Six improbable innings put the Braves in position to steal a game they didn’t figure to win. On cue, they struck. Ronald Acuna reached on a single that bounced over Kershaw and moved to second base when Hernandez flung the ball into the dugout. Freddie Freeman, face of the franchise, fell behind 0-2 but drove a 1-2 fastball into right field to put his franchise ahead. Ozuna smashed a signature Kershaw curve into the gap in left-center to make the score 3-1.

That was it for the Dodgers' Hall-of-Famer-to-be. Kershaw exited with his team two runs behind. He exited having yielded six more hits than Wilson, and the onslaught had only begun. Ozzie Albies flipped a single into right field. Dansby Swanson ripped a double down the left-field line to score two more. Austin Riley singled up the middle. Another run. Johan Camargo walked. Cristian Pache singled up the middle. Yet another.

Was it possible that, one night after yielding 11 runs in an inning, the Braves might score 11 in this one? Not quite. But six proved more than enough. The Dodgers managed one in the seventh against relievers Will Smith and Chris Martin, leaving the bases loaded.
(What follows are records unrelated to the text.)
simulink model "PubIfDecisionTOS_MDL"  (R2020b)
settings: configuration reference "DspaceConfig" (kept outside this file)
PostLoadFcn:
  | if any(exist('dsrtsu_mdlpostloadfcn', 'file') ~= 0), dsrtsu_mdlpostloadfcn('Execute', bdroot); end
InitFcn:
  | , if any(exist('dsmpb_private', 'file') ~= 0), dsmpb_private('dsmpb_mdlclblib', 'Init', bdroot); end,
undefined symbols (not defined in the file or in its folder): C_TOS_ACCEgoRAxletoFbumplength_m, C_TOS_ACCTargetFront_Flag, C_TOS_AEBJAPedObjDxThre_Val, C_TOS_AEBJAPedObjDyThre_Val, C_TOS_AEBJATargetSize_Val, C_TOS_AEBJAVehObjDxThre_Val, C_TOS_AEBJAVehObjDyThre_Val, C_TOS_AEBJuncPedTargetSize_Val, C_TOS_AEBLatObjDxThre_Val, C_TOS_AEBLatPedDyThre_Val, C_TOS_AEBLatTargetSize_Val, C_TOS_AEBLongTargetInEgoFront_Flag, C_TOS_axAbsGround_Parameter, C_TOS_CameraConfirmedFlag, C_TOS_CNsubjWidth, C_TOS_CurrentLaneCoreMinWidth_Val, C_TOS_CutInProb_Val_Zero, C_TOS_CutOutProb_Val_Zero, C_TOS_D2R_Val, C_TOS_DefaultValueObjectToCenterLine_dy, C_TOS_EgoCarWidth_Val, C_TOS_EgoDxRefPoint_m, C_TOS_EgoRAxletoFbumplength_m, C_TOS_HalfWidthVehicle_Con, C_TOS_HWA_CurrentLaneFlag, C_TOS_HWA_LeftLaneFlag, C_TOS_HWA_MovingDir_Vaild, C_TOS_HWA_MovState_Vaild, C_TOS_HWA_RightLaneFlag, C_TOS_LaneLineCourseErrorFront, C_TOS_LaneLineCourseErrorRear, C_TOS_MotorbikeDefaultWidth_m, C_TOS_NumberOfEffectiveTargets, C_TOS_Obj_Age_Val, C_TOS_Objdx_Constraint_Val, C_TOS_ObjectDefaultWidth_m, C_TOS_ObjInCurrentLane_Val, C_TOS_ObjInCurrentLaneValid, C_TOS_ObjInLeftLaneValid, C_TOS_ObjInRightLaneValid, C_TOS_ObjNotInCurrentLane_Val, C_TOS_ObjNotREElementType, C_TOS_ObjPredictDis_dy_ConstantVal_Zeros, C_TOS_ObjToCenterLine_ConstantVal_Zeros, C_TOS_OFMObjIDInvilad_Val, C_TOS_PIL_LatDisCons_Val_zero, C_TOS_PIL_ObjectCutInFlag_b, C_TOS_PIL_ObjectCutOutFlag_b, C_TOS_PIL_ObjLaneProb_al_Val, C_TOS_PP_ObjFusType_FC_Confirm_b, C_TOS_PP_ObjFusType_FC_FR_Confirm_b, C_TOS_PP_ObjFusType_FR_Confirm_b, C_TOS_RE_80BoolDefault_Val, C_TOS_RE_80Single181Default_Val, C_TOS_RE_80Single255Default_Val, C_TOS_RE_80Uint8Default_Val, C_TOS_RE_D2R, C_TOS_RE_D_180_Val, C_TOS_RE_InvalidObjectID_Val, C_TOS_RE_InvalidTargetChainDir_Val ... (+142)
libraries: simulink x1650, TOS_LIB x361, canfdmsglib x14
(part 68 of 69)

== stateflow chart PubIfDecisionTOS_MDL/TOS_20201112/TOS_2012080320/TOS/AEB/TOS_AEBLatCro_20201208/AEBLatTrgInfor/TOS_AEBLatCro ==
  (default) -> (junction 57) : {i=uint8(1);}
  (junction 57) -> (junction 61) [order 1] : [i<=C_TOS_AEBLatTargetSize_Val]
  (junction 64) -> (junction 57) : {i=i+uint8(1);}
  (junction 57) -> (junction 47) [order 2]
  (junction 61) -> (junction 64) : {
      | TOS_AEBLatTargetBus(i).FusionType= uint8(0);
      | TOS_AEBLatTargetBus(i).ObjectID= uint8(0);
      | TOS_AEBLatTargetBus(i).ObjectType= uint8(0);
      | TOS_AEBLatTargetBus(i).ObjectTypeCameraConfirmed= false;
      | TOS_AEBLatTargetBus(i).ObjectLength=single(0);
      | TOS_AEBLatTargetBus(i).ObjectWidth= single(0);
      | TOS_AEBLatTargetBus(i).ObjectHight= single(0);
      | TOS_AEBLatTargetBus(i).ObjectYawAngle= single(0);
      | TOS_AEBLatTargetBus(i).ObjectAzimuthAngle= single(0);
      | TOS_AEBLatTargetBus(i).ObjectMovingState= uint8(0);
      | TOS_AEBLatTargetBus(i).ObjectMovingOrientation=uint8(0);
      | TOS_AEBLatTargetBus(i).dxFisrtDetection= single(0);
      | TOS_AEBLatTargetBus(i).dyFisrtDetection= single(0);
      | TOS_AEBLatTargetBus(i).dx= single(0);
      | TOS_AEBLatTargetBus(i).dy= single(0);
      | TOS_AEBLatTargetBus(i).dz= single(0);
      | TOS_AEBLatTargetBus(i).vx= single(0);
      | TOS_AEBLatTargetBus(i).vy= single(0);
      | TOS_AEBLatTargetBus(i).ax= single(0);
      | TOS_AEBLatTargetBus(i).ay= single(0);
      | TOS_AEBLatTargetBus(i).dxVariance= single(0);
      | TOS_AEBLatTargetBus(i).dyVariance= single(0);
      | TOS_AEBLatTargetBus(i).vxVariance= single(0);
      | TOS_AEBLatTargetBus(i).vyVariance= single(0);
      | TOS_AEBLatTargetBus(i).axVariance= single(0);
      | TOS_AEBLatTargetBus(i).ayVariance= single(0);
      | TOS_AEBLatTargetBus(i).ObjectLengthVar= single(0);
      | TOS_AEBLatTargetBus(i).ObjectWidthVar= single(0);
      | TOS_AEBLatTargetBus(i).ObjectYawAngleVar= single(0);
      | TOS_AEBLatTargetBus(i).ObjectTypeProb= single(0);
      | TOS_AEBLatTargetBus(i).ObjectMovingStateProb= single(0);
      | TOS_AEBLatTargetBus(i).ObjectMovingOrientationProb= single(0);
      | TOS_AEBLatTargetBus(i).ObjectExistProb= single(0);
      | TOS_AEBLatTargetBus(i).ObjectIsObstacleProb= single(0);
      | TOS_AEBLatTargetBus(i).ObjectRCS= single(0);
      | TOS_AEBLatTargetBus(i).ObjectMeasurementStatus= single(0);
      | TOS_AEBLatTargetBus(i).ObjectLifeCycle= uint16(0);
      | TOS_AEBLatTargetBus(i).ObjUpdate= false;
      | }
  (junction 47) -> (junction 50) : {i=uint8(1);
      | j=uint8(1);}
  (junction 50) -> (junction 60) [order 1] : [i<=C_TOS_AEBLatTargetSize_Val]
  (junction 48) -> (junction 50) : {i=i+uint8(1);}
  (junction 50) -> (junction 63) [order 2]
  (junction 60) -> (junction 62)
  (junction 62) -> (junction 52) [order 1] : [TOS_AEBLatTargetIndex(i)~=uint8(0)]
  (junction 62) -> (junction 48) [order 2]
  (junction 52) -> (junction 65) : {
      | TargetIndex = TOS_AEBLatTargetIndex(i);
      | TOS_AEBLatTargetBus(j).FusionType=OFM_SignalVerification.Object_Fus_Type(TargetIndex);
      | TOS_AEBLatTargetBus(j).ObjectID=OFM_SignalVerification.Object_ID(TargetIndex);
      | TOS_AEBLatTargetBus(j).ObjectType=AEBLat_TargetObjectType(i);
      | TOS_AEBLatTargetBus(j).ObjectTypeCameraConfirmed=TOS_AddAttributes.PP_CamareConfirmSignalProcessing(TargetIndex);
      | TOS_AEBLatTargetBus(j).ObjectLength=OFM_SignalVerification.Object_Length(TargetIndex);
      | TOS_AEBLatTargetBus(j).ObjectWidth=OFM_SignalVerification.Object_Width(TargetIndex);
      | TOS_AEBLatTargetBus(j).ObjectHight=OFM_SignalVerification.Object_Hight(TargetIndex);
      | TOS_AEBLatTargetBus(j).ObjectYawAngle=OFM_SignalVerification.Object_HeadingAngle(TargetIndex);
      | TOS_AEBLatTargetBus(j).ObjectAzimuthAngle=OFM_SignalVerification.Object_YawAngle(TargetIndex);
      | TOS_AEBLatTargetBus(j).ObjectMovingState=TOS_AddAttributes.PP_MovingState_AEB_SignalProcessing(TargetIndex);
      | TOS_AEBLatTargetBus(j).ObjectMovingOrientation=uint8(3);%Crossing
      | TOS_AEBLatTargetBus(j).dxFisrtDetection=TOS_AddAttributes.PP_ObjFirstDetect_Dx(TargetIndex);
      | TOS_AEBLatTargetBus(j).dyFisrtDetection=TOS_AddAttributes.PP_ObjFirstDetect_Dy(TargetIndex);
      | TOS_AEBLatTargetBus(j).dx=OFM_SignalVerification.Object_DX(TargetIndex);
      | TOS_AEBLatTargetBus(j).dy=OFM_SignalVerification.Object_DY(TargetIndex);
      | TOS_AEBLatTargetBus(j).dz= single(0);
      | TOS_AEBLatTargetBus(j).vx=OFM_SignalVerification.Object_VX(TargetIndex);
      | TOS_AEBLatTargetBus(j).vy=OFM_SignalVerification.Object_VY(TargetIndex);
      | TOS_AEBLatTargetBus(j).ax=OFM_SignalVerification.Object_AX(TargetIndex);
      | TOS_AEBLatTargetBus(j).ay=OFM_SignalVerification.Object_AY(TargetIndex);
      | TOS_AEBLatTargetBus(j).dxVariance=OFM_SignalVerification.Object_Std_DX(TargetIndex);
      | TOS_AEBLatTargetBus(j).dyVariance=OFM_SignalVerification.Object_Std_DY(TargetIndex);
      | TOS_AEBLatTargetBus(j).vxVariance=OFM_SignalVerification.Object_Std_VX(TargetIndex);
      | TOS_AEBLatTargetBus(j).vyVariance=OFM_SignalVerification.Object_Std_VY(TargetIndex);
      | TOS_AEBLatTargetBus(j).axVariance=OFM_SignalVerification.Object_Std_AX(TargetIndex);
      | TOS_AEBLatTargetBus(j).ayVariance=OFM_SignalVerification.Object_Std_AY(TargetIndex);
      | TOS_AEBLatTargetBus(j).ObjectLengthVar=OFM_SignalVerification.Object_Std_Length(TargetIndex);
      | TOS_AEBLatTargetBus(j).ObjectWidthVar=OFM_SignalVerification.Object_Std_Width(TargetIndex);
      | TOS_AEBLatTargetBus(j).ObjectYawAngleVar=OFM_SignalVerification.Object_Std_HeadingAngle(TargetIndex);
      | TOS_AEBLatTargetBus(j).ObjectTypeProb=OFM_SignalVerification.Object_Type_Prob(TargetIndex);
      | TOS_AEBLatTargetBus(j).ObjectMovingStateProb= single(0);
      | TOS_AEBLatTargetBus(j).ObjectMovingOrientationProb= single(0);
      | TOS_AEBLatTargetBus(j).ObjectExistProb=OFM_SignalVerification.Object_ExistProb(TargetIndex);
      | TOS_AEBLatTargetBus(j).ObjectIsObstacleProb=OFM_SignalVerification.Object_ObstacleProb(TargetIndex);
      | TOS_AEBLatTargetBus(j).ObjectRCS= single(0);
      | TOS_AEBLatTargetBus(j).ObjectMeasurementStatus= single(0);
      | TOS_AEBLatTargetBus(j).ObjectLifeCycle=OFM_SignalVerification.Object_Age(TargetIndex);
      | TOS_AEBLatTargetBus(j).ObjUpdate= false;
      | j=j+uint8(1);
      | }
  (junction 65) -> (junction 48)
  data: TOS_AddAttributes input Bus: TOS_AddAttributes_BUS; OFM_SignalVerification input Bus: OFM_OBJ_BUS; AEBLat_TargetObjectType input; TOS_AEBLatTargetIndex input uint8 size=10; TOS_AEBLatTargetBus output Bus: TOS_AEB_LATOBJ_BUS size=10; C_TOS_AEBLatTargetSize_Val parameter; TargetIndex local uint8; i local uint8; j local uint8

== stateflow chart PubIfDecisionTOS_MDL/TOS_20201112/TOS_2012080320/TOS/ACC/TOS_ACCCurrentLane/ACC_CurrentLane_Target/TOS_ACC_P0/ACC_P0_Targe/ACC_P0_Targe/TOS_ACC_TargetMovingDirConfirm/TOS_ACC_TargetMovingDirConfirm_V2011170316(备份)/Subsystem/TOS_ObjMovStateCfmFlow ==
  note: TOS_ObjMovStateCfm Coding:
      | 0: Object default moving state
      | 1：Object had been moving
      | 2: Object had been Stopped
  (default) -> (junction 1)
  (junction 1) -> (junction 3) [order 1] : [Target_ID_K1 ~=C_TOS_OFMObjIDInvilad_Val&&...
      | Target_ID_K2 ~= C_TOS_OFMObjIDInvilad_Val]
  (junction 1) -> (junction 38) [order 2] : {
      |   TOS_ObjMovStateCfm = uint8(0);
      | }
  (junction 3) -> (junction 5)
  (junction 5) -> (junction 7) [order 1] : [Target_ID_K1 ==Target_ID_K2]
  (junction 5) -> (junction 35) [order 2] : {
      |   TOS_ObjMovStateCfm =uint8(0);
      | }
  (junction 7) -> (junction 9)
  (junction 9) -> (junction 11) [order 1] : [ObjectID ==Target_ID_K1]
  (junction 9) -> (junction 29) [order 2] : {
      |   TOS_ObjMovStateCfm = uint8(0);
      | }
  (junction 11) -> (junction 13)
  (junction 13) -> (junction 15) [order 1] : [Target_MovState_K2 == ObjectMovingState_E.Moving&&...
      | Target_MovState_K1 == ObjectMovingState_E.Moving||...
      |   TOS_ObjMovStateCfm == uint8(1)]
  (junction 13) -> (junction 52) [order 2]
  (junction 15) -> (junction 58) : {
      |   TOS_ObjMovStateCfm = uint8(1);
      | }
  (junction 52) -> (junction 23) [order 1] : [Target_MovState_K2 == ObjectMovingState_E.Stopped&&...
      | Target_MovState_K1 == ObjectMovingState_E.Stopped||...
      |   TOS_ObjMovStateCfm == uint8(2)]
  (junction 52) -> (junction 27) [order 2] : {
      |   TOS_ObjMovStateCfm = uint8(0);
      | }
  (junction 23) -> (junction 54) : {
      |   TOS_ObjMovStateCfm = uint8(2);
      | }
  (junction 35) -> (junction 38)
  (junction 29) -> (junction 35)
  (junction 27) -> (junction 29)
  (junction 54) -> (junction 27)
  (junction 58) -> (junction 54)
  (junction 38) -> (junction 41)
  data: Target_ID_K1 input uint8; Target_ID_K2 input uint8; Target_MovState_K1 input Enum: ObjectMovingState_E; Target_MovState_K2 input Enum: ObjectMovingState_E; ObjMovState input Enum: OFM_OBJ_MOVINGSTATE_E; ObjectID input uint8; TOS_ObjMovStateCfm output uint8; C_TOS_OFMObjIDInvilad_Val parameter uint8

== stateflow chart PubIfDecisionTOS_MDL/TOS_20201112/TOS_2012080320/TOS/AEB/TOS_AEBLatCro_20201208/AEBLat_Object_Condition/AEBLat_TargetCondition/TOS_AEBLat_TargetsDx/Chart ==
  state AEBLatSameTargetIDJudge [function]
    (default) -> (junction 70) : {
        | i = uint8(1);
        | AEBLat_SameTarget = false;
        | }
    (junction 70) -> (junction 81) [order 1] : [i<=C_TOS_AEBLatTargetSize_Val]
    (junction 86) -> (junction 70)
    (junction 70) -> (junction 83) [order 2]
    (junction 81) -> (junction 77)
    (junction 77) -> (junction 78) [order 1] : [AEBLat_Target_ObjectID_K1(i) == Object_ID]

Ozuna walloped yet another home run to center, this off Dylan Floro and traversing 434 feet, to rebuild the six-run bulge. Freeman drove in another run in the eighth. Then Ozuna struck again, singling to make it 10-2. Scads of selfies this night: Ozuna had four hits, three for extra bases, and four RBIs.

And then it was done, Shane Greene working the ninth, Freeman recording the 27th out. The Braves are one game away, holding triple match point against what was baseball’s best team over the 60-game season. They’re one game away because Bryse Wilson trumped Clayton Kershaw. Saw that coming, did you?